## Data provided
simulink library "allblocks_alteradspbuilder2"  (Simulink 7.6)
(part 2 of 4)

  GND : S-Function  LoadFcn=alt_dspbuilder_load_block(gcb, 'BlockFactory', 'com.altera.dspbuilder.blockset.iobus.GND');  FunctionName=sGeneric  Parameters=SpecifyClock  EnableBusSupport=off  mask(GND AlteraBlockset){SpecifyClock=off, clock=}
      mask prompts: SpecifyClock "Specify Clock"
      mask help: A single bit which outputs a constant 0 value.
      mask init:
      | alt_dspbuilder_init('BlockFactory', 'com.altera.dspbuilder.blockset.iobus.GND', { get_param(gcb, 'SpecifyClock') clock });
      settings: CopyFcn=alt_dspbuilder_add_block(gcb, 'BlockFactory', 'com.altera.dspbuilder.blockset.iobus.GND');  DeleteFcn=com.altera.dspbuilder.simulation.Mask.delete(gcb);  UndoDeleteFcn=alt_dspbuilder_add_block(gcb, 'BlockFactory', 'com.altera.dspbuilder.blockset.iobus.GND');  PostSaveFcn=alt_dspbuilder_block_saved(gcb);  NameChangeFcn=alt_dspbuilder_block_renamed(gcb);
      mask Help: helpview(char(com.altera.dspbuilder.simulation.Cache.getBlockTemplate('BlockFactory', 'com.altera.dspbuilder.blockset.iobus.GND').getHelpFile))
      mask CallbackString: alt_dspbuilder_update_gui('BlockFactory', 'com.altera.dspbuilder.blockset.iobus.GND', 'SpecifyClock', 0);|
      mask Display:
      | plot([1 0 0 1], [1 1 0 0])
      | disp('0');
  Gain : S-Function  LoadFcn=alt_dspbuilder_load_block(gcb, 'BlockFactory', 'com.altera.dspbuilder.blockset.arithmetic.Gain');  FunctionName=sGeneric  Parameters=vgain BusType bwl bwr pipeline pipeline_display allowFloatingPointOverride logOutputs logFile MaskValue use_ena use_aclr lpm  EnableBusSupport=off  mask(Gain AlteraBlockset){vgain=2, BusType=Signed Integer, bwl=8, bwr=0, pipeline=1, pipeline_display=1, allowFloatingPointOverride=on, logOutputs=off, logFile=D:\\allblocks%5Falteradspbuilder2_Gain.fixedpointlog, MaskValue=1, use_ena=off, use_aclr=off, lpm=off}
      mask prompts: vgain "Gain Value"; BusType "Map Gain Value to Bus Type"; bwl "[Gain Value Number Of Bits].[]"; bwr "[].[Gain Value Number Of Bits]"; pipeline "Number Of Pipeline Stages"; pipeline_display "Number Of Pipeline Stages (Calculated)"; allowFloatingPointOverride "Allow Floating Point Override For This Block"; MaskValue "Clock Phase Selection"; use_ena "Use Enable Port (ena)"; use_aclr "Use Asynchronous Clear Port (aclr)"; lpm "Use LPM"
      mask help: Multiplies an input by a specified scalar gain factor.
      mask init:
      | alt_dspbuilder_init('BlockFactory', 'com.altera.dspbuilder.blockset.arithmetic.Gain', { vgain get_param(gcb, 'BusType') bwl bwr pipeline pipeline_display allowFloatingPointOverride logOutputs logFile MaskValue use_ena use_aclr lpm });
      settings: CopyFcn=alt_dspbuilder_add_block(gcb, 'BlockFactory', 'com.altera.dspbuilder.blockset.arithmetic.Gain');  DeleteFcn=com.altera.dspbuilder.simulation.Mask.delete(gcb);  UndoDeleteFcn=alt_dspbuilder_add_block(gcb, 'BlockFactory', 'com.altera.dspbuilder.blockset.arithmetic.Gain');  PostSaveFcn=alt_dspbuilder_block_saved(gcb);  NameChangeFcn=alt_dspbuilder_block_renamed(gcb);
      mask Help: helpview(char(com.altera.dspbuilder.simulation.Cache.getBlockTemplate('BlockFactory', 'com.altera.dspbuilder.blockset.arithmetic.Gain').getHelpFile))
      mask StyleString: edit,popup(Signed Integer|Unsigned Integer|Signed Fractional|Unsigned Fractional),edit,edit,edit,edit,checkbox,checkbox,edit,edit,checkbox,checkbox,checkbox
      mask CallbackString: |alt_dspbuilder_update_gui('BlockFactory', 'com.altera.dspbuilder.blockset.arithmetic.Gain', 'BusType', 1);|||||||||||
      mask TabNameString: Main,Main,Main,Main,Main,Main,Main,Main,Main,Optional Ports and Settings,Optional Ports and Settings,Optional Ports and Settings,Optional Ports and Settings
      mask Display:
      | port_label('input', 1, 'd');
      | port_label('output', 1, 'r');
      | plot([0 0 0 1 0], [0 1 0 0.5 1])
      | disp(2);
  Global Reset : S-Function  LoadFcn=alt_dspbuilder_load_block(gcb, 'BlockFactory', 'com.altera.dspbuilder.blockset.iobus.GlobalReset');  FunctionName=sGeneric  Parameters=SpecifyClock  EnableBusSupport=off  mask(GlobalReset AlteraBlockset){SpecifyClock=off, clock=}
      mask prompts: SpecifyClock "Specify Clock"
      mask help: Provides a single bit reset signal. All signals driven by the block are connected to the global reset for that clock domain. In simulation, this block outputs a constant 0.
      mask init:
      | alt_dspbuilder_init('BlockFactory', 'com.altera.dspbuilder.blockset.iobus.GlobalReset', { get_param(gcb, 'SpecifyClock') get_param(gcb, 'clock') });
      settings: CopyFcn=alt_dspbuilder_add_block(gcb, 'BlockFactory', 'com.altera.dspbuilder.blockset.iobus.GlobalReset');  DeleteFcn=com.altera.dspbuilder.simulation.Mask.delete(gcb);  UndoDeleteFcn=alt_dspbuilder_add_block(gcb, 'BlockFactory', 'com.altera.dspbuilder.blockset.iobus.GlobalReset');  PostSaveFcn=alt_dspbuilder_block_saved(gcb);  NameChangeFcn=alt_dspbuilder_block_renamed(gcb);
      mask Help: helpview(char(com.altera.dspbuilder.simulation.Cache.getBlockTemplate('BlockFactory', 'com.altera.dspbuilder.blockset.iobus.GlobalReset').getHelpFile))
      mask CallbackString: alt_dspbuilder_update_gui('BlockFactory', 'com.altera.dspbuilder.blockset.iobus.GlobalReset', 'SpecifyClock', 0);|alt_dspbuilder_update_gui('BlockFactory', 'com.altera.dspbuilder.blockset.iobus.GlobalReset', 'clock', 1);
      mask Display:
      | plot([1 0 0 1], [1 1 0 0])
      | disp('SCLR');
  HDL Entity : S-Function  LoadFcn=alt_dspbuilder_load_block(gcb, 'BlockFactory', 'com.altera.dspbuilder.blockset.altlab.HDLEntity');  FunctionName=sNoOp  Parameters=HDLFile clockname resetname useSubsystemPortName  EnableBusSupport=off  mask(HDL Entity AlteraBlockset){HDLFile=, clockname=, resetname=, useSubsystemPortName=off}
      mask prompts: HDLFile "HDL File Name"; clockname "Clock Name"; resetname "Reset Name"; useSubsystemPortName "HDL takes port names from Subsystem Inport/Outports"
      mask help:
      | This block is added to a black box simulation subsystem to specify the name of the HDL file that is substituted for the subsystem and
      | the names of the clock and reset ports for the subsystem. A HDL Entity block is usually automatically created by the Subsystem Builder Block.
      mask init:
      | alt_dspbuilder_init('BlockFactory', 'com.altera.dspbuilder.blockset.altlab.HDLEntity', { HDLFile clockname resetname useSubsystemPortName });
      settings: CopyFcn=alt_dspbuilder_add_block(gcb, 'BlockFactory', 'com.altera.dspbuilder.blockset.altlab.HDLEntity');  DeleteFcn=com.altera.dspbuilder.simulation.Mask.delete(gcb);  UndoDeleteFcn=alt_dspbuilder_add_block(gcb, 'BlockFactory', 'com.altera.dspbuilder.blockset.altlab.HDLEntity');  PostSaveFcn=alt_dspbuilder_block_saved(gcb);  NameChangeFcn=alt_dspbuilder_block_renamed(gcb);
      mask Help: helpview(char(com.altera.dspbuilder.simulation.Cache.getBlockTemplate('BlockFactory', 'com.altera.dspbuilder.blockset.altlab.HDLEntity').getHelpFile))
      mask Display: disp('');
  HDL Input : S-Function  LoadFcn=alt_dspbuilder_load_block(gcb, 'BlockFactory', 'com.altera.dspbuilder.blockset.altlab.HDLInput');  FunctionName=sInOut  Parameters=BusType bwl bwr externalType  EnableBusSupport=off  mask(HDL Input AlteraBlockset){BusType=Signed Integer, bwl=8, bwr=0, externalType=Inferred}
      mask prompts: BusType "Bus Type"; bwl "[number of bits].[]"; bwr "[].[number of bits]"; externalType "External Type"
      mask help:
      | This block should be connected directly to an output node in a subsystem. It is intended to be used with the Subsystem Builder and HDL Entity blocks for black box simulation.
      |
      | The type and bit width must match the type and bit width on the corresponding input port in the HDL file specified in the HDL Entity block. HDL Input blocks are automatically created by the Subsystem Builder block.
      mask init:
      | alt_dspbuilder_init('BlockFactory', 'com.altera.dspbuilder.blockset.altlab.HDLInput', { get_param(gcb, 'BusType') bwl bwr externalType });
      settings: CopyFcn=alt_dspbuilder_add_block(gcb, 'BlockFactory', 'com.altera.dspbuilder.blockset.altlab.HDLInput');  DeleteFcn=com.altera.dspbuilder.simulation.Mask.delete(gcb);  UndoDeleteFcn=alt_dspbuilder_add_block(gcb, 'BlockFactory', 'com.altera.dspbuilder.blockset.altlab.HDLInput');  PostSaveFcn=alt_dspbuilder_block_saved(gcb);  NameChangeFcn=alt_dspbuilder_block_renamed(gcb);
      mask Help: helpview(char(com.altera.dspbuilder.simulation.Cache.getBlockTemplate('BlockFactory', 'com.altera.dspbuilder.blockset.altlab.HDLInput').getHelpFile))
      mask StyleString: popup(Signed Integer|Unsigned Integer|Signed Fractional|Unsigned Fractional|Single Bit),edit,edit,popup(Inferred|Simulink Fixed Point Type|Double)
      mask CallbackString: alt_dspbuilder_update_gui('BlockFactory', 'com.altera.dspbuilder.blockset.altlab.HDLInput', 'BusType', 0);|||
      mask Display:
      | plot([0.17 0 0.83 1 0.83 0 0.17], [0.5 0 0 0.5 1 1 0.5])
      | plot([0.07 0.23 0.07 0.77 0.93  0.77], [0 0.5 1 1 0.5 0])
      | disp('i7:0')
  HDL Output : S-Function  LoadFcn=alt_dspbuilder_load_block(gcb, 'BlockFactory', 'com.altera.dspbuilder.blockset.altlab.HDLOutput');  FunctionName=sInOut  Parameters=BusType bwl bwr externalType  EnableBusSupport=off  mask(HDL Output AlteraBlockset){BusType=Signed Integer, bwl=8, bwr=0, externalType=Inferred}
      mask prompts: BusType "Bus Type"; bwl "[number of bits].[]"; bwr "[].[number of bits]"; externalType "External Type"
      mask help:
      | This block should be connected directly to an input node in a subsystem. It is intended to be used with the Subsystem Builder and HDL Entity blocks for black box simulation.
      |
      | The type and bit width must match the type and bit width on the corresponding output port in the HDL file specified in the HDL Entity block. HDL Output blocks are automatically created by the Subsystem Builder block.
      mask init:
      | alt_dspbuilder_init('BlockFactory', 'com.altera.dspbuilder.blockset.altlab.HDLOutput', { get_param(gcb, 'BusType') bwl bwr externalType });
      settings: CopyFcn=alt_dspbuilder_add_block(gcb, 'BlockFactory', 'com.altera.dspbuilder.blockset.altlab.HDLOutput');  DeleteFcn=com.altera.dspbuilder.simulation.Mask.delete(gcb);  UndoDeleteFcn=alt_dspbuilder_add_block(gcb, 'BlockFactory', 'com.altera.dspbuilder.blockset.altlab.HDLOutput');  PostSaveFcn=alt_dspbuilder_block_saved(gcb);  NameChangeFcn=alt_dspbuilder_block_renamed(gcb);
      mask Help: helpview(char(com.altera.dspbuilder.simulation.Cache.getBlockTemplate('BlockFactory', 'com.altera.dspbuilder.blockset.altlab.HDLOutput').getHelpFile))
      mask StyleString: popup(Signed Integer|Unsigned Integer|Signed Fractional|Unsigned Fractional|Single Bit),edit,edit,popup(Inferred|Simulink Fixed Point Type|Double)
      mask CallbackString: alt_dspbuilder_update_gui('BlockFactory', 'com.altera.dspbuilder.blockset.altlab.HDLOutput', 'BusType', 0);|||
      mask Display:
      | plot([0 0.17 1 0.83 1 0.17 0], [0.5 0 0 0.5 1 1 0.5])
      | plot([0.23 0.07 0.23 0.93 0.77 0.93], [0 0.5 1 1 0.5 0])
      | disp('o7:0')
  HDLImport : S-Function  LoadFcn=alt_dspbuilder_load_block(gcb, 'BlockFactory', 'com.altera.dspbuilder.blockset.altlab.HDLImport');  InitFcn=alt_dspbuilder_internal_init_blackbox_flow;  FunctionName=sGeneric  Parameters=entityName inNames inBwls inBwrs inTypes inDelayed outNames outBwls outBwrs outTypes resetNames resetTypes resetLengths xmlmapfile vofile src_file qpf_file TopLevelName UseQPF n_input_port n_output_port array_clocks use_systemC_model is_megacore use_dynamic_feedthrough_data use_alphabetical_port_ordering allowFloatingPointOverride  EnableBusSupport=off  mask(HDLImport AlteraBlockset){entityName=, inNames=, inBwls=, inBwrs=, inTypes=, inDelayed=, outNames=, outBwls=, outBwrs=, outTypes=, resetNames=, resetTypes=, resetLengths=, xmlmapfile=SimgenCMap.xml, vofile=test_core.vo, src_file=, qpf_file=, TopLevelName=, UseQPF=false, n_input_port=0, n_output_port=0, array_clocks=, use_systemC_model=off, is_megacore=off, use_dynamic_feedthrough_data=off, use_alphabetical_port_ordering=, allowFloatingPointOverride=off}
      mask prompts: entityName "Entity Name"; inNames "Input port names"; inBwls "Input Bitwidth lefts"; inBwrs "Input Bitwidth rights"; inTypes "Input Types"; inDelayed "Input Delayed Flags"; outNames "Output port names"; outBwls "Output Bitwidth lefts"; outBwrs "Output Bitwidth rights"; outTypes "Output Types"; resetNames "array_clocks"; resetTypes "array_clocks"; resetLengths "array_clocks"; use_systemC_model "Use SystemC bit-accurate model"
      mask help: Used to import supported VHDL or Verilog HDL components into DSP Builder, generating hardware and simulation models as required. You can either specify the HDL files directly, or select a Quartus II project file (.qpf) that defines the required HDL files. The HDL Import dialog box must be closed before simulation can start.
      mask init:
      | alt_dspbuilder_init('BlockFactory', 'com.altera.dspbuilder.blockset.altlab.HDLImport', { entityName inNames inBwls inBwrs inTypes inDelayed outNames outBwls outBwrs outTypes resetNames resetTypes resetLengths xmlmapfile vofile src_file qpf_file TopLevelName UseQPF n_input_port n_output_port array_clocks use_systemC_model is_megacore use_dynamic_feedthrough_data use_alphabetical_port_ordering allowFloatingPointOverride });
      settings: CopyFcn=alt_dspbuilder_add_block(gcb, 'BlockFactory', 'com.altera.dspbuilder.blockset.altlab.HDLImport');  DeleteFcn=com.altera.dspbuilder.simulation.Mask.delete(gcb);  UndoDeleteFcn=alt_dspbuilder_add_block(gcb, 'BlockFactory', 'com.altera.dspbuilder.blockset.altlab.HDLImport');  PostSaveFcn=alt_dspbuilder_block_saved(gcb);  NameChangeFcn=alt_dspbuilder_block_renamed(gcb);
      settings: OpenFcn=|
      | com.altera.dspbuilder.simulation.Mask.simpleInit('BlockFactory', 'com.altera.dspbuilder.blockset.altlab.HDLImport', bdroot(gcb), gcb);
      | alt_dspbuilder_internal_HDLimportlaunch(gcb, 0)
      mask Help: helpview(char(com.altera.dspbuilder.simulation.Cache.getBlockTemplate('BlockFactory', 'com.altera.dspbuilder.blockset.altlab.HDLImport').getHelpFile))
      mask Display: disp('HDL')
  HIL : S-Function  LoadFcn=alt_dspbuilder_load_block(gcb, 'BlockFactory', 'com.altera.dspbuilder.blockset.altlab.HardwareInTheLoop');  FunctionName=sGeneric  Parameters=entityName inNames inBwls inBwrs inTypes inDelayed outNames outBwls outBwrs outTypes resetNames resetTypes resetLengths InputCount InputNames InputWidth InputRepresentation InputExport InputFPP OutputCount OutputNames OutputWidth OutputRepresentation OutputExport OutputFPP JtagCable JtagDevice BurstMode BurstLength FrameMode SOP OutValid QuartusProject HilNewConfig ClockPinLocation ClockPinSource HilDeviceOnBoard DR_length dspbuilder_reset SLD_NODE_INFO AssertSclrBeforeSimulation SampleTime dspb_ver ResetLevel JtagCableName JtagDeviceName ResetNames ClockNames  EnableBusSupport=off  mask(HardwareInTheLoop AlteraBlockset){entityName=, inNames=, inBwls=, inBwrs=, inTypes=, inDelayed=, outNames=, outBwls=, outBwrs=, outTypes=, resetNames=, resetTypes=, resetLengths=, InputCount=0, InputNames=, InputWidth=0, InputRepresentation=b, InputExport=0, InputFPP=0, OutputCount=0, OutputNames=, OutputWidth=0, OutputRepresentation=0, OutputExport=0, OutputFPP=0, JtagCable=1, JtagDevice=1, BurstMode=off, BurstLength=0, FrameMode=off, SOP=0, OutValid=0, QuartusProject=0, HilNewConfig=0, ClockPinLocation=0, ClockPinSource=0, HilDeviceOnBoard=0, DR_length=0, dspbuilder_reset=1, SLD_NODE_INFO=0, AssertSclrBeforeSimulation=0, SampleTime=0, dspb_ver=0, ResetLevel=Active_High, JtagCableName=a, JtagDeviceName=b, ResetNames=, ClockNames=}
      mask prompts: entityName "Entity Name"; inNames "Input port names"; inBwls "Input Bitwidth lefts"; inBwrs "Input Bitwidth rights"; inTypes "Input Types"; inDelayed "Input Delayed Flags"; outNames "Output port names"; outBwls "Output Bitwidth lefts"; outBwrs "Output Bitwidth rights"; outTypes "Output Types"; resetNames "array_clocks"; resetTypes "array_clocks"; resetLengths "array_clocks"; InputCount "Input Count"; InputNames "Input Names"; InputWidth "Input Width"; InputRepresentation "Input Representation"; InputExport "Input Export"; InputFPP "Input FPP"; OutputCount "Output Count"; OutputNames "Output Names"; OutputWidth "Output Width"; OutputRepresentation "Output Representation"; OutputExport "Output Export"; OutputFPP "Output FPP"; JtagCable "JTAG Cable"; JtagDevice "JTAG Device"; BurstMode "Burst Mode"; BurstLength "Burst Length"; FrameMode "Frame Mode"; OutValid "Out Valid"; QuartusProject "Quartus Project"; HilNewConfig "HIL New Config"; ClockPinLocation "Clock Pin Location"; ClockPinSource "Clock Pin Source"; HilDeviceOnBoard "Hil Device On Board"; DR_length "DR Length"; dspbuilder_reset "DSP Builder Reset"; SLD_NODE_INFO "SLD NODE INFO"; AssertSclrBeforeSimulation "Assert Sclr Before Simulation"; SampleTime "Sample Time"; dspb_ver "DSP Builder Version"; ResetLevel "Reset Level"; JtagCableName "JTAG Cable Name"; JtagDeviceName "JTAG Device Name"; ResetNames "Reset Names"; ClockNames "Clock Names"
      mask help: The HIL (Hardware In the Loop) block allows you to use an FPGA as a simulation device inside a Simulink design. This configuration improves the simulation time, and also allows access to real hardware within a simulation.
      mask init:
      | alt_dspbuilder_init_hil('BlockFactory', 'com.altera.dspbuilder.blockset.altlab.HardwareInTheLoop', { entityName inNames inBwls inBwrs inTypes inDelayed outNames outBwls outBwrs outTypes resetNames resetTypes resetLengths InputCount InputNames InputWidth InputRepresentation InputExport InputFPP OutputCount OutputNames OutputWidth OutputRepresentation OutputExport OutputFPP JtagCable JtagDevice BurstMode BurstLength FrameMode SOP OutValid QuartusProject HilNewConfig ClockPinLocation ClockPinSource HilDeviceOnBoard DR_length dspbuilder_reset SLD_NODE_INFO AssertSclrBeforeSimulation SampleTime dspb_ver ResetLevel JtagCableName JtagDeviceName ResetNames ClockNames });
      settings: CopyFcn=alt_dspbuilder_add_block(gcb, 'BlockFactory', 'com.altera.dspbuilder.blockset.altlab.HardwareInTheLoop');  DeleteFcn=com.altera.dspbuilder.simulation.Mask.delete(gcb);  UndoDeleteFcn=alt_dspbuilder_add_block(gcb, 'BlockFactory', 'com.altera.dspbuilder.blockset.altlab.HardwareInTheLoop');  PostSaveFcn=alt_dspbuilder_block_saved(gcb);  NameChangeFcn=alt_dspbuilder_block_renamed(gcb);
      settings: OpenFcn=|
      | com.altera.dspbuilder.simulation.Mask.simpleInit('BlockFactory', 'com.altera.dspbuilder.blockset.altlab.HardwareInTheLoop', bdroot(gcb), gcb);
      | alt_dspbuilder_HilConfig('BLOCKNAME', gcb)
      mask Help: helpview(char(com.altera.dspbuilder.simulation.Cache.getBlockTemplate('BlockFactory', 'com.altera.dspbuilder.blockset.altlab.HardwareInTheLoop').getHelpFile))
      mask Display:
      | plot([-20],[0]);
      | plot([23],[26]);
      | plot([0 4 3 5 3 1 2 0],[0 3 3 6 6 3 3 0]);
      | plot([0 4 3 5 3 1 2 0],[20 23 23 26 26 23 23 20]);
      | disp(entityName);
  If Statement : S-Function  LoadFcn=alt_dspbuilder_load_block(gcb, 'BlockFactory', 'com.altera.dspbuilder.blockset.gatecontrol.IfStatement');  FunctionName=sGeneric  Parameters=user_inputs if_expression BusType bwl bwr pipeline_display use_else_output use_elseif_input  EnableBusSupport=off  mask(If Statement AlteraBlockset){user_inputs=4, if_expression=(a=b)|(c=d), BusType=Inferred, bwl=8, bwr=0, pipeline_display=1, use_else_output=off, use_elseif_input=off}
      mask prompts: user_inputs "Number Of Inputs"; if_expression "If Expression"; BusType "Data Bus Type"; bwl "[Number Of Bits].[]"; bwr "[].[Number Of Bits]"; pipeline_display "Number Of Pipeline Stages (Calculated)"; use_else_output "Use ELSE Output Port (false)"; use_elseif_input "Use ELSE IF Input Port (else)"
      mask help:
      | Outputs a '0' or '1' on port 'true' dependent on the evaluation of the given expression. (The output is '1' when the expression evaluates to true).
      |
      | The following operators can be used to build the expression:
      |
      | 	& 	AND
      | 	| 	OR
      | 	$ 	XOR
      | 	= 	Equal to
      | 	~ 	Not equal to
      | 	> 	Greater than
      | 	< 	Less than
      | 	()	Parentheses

## Exercise
Check each line in the records above for the word "Cache". Return those that have it.

## Worked solution
      mask Help: helpview(char(com.altera.dspbuilder.simulation.Cache.getBlockTemplate('BlockFactory', 'com.altera.dspbuilder.blockset.iobus.GND').getHelpFile))
      mask Help: helpview(char(com.altera.dspbuilder.simulation.Cache.getBlockTemplate('BlockFactory', 'com.altera.dspbuilder.blockset.arithmetic.Gain').getHelpFile))
      mask Help: helpview(char(com.altera.dspbuilder.simulation.Cache.getBlockTemplate('BlockFactory', 'com.altera.dspbuilder.blockset.iobus.GlobalReset').getHelpFile))
      mask Help: helpview(char(com.altera.dspbuilder.simulation.Cache.getBlockTemplate('BlockFactory', 'com.altera.dspbuilder.blockset.altlab.HDLEntity').getHelpFile))
      mask Help: helpview(char(com.altera.dspbuilder.simulation.Cache.getBlockTemplate('BlockFactory', 'com.altera.dspbuilder.blockset.altlab.HDLInput').getHelpFile))
      mask Help: helpview(char(com.altera.dspbuilder.simulation.Cache.getBlockTemplate('BlockFactory', 'com.altera.dspbuilder.blockset.altlab.HDLOutput').getHelpFile))
      mask Help: helpview(char(com.altera.dspbuilder.simulation.Cache.getBlockTemplate('BlockFactory', 'com.altera.dspbuilder.blockset.altlab.HDLImport').getHelpFile))
      mask Help: helpview(char(com.altera.dspbuilder.simulation.Cache.getBlockTemplate('BlockFactory', 'com.altera.dspbuilder.blockset.altlab.HardwareInTheLoop').getHelpFile))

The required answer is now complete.